Member of the Riksdag
- Incumbent
- Assumed office 2014
- Constituency: Gothenburg Municipality

Personal details
- Born: 27 September 1975 (age 50) Backa, Gothenburg
- Party: Sweden Democrats
- Spouse: Carina Ståhl Herrstedt (2017–present)

= Jimmy Ståhl =

Swedish politician

Jimmy Rickard Ståhl is a Swedish politician for the Sweden Democrats party. He has been a member of the Riksdag (Sweden's parliament) since 2014 and represents the Gothenburg Municipality constituency.

==Biography==
Ståhl was born in Gothenburg. He was a dock worker after leaving school and later worked for the Swedish Maritime Administration based at the Port of Gothenburg. He is also an ombudsman for the Swedish dock workers' union.
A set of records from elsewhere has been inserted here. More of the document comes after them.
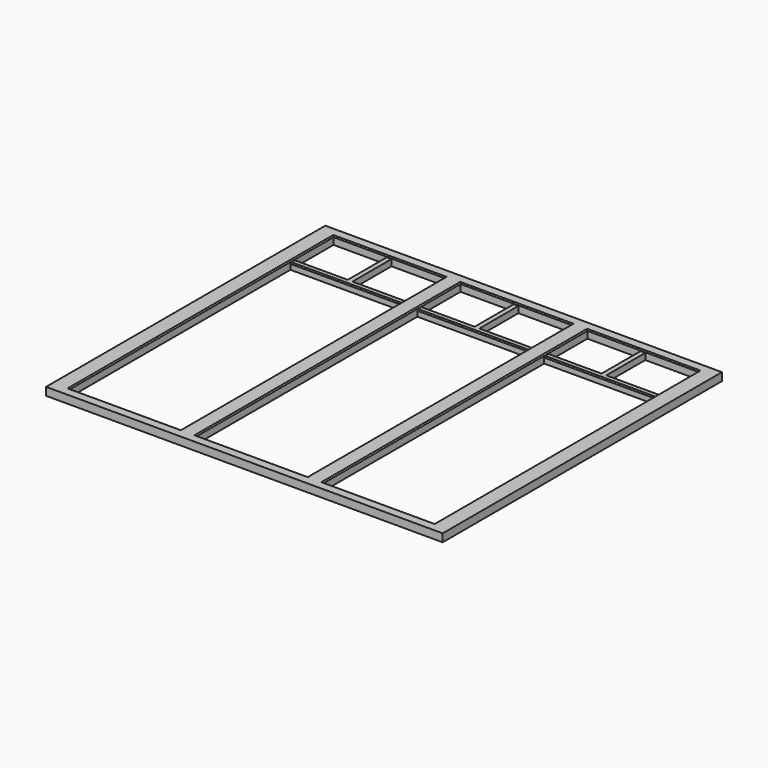
from build123d import *

# Parameters (mm, degrees)
F0_W      = 2500
F0_H      = 2200
F1_DEPTH  = 50
F0_W_2    = 30
F0_H_2    = 300
F2_DEPTH  = 40
F3_SIZE   = 7
F3_2_SIZE = 7
F3_3_SIZE = 7
F3_4_SIZE = 7


# Not quite as in the source:
# - a feature names something its author has since deleted; it is built from what else it names


with BuildPart() as f1:
    # F0 (on Top) → F1 (new body)
    with BuildSketch(Plane.XY):
        with Locations((321.0913794215, -344.7952681527)):
            Rectangle(F0_W, F0_H)
        Polygon((-828.9086205785, 395.2047318473), (-828.9086205785, 695.2047318473), (-493.9086205785, 695.2047318473), (-463.9086205785, 695.2047318473), (-128.9086205785, 695.2047318473), (-28.9086205785, 695.2047318473), (306.0913794215, 695.2047318473), (336.0913794215, 695.2047318473), (671.0913794215, 695.2047318473), (771.0913794215, 695.2047318473), (1106.0913794215, 695.2047318473), (1136.0913794215, 695.2047318473), (1471.0913794215, 695.2047318473), (1471.0913794215, 395.2047318473), (1471.0913794215, 355.2047318473), (1471.0913794215, -1384.7952681527), (771.0913794215, -1384.7952681527), (671.0913794215, -1384.7952681527), (-28.9086205785, -1384.7952681527), (-128.9086205785, -1384.7952681527), (-828.9086205785, -1384.7952681527), (-828.9086205785, 355.2047318473), align=None, mode=Mode.SUBTRACT)
        Polygon((-28.9086205785, 695.2047318473), (-128.9086205785, 695.2047318473), (-128.9086205785, 395.2047318473), (-128.9086205785, 355.2047318473), (-128.9086205785, -1384.7952681527), (-28.9086205785, -1384.7952681527), (-28.9086205785, 355.2047318473), (-28.9086205785, 395.2047318473), align=None)
        Polygon((671.0913794215, 355.2047318473), (671.0913794215, -1384.7952681527), (771.0913794215, -1384.7952681527), (771.0913794215, 355.2047318473), (771.0913794215, 395.2047318473), (771.0913794215, 695.2047318473), (671.0913794215, 695.2047318473), (671.0913794215, 395.2047318473), align=None)
    extrude(amount=F1_DEPTH)

    # F3
    f3_edges = [f1.edges().sort_by_distance(p)[0] for p in [
        (-828.908621, -344.795268, 50),
        (-478.908621, 695.204732, 50),
        (-128.908621, -344.795268, 50),
        (-28.908621, -344.795268, 50),
        (321.091379, 695.204732, 50),
        (771.091379, -344.795268, 50),
        (1121.091379, 695.204732, 50),
        (671.091379, -344.795268, 50),
        (1471.091379, -344.795268, 50),
        (321.091379, -1384.795268, 50),
        (1121.091379, -1384.795268, 50),
        (-478.908621, -1384.795268, 50),
    ]]
    chamfer(f3_edges, length=F3_SIZE)


with BuildPart() as f2:
    # F0 (on Top) → F2 (new body)
    with BuildSketch(Plane.XY):
        Polygon((-493.9086205785, 395.2047318473), (-828.9086205785, 395.2047318473), (-828.9086205785, 355.2047318473), (-128.9086205785, 355.2047318473), (-128.9086205785, 395.2047318473), (-463.9086205785, 395.2047318473), align=None)
        with Locations((-478.9086205785, 545.2047318473)):
            Rectangle(F0_W_2, F0_H_2)
    extrude(amount=F2_DEPTH)

    # F3#2
    f3_2_edges = [f2.edges().sort_by_distance(p)[0] for p in [
        (-478.908621, 355.204732, 40),
        (-661.408621, 395.204732, 40),
        (-296.408621, 395.204732, 40),
    ]]
    chamfer(f3_2_edges, length=F3_2_SIZE)


with BuildPart() as f2b:
    # F0 (on Top) → F2, piece 2 (new body)
    with BuildSketch(Plane.XY):
        Polygon((306.0913794215, 395.2047318473), (-28.9086205785, 395.2047318473), (-28.9086205785, 355.2047318473), (671.0913794215, 355.2047318473), (671.0913794215, 395.2047318473), (336.0913794215, 395.2047318473), align=None)
        with Locations((321.0913794215, 545.2047318473)):
            Rectangle(F0_W_2, F0_H_2)
    extrude(amount=F2_DEPTH)

    # F3#3
    f3_3_edges = [f2b.edges().sort_by_distance(p)[0] for p in [
        (321.091379, 355.204732, 40),
        (138.591379, 395.204732, 40),
        (503.591379, 395.204732, 40),
    ]]
    chamfer(f3_3_edges, length=F3_3_SIZE)


with BuildPart() as f2c:
    # F0 (on Top) → F2, piece 3 (new body)
    with BuildSketch(Plane.XY):
        Polygon((771.0913794215, 395.2047318473), (771.0913794215, 355.2047318473), (1471.0913794215, 355.2047318473), (1471.0913794215, 395.2047318473), (1136.0913794215, 395.2047318473), (1106.0913794215, 395.2047318473), align=None)
        with Locations((1121.0913794215, 545.2047318473)):
            Rectangle(F0_W_2, F0_H_2)
    extrude(amount=F2_DEPTH)

    # F3#4
    f3_4_edges = [f2c.edges().sort_by_distance(p)[0] for p in [
        (1303.591379, 395.204732, 40),
        (938.591379, 395.204732, 40),
        (1121.091379, 355.204732, 40),
    ]]
    chamfer(f3_4_edges, length=F3_4_SIZE)


solid = Compound([f1.part, f2.part, f2b.part, f2c.part])
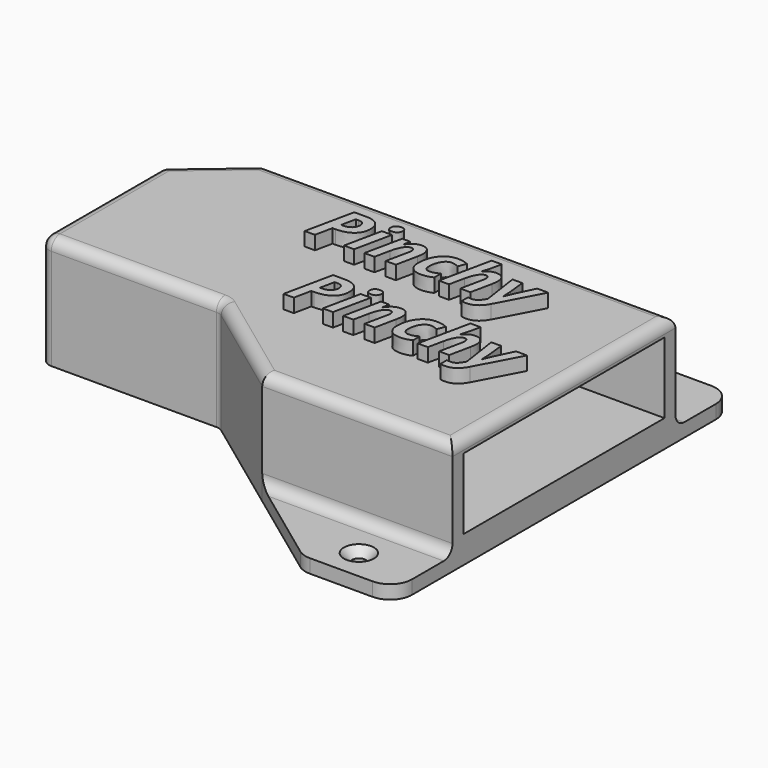
from build123d import *

# Parameters (mm, degrees)
F1_DEPTH        = 22.86
F2_T            = -3.175
F4_DEPTH        = 3.175
F5_R            = 2.54
F6_TEXT_SIZE    = 15.941631036
F7_DEPTH        = 3.175
F9_R            = 5.08
F10_D           = 3.175
F10_CSINK_D     = 6.985
F10_CSINK_ANGLE = 90


# Not quite as in the source:
# - Text() gives the source's letters only with a copy of the font that has no kerning and outlines rounded to 1/6400 em; it was checked with that copy


with BuildPart() as f1:
    # F0 (on Top) → F1 (new body)
    with BuildSketch(Plane.XY):
        Polygon((-79.0451991608, -3.175), (-37.2887030571, -3.175), (-13.4309201095, -20.735535543), (30.7868943831, -20.735535543), (30.7868943831, 44.034464457), (-64.9930103204, 44.034464457), (-79.0451991608, 32.1297015951), align=None)
    extrude(amount=F1_DEPTH)

    # F2
    f2_openings = [f1.faces().sort_by_distance(p)[0] for p in [
        (30.786894, 11.649464, 11.43),
    ]]
    offset(amount=F2_T, openings=f2_openings, kind=Kind.INTERSECTION)

    # F3 (on face) → F4 (join)
    with BuildSketch(Plane(origin=(0, 0, 0), x_dir=(1, 0, 0), z_dir=(0, 0, -1))):
        Polygon((-79.0451991608, 3.175), (-79.0451991608, -32.1297015951), (-45.1301024695, -60.861964457), (30.7868943831, -60.861964457), (30.7868943831, 37.575735543), (9.448213355, 37.575735543), (-13.4309201095, 20.735535543), (-37.2887030571, 3.175), align=None)
    extrude(amount=F4_DEPTH)

    # F5
    f5_edges = [f1.edges().sort_by_distance(p)[0] for p in [
        (-17.103058, 44.034464, 0),
        (-17.103058, 44.034464, 22.86),
        (-58.166951, -3.175, 22.86),
        (-25.359812, -11.955268, 22.86),
        (8.677987, -20.735536, 22.86),
        (30.786894, 11.649464, 22.86),
        (-72.019105, 38.082083, 22.86),
        (-79.045199, 14.477351, 22.86),
        (8.677987, -20.735536, 0),
        (-79.045199, -3.175, 9.8425),
        (-79.045199, 32.129702, 9.8425),
        (-37.288703, -3.175, 9.8425),
    ]]
    fillet(f5_edges, radius=F5_R)

    # F6 (on face) → F7 (join)
    with BuildSketch(Plane.XY.offset(22.86)):
        with Locations((-39.1169059465, 23.200441549)):
            Text('Pinchy', F6_TEXT_SIZE, font='Open Sans', font_style=FontStyle.BOLDITALIC, text_align=(TextAlign.LEFT, TextAlign.BOTTOM))
        with Locations((-26.689906378, 1.5198233401)):
            Text('Pinchy', F6_TEXT_SIZE, font='Open Sans', font_style=FontStyle.BOLDITALIC, text_align=(TextAlign.LEFT, TextAlign.BOTTOM))
    extrude(amount=F7_DEPTH)

    # F9
    f9_edges = [f1.edges().sort_by_distance(p)[0] for p in [
        (-45.130102, 60.861964, -1.5875),
        (30.786894, 60.861964, -1.5875),
        (30.786894, -37.575736, -1.5875),
        (9.448213, -37.575736, -1.5875),
    ]]
    fillet(f9_edges, radius=F9_R)

    # F10 (through all)
    with Locations(Plane.XY):
        with Locations((-38.4718887508, 53.724564457), (16.8010108173, 53.724564457), (16.8010108173, -30.438335543)):
            CounterSinkHole(F10_D / 2, F10_CSINK_D / 2, counter_sink_angle=F10_CSINK_ANGLE)


solid = f1.part

Ståhl has described himself as coming from a Swedish Social Democrats supporting background before joining the Sweden Democrats.

Ståhl was first elected to the Riksdag in 2014 to represent the constituency of Västra Götaland County before switching to represent Gothenburg Municipality after the 2018 general election. In parliament, he sits on the Committee on Industry, Transport Committee and Labor Market Committee. He has focused on opposing increased petrol prices.

He has been married to fellow politician and Sweden Democrats MP Carina Ståhl Herrstedt since 2017.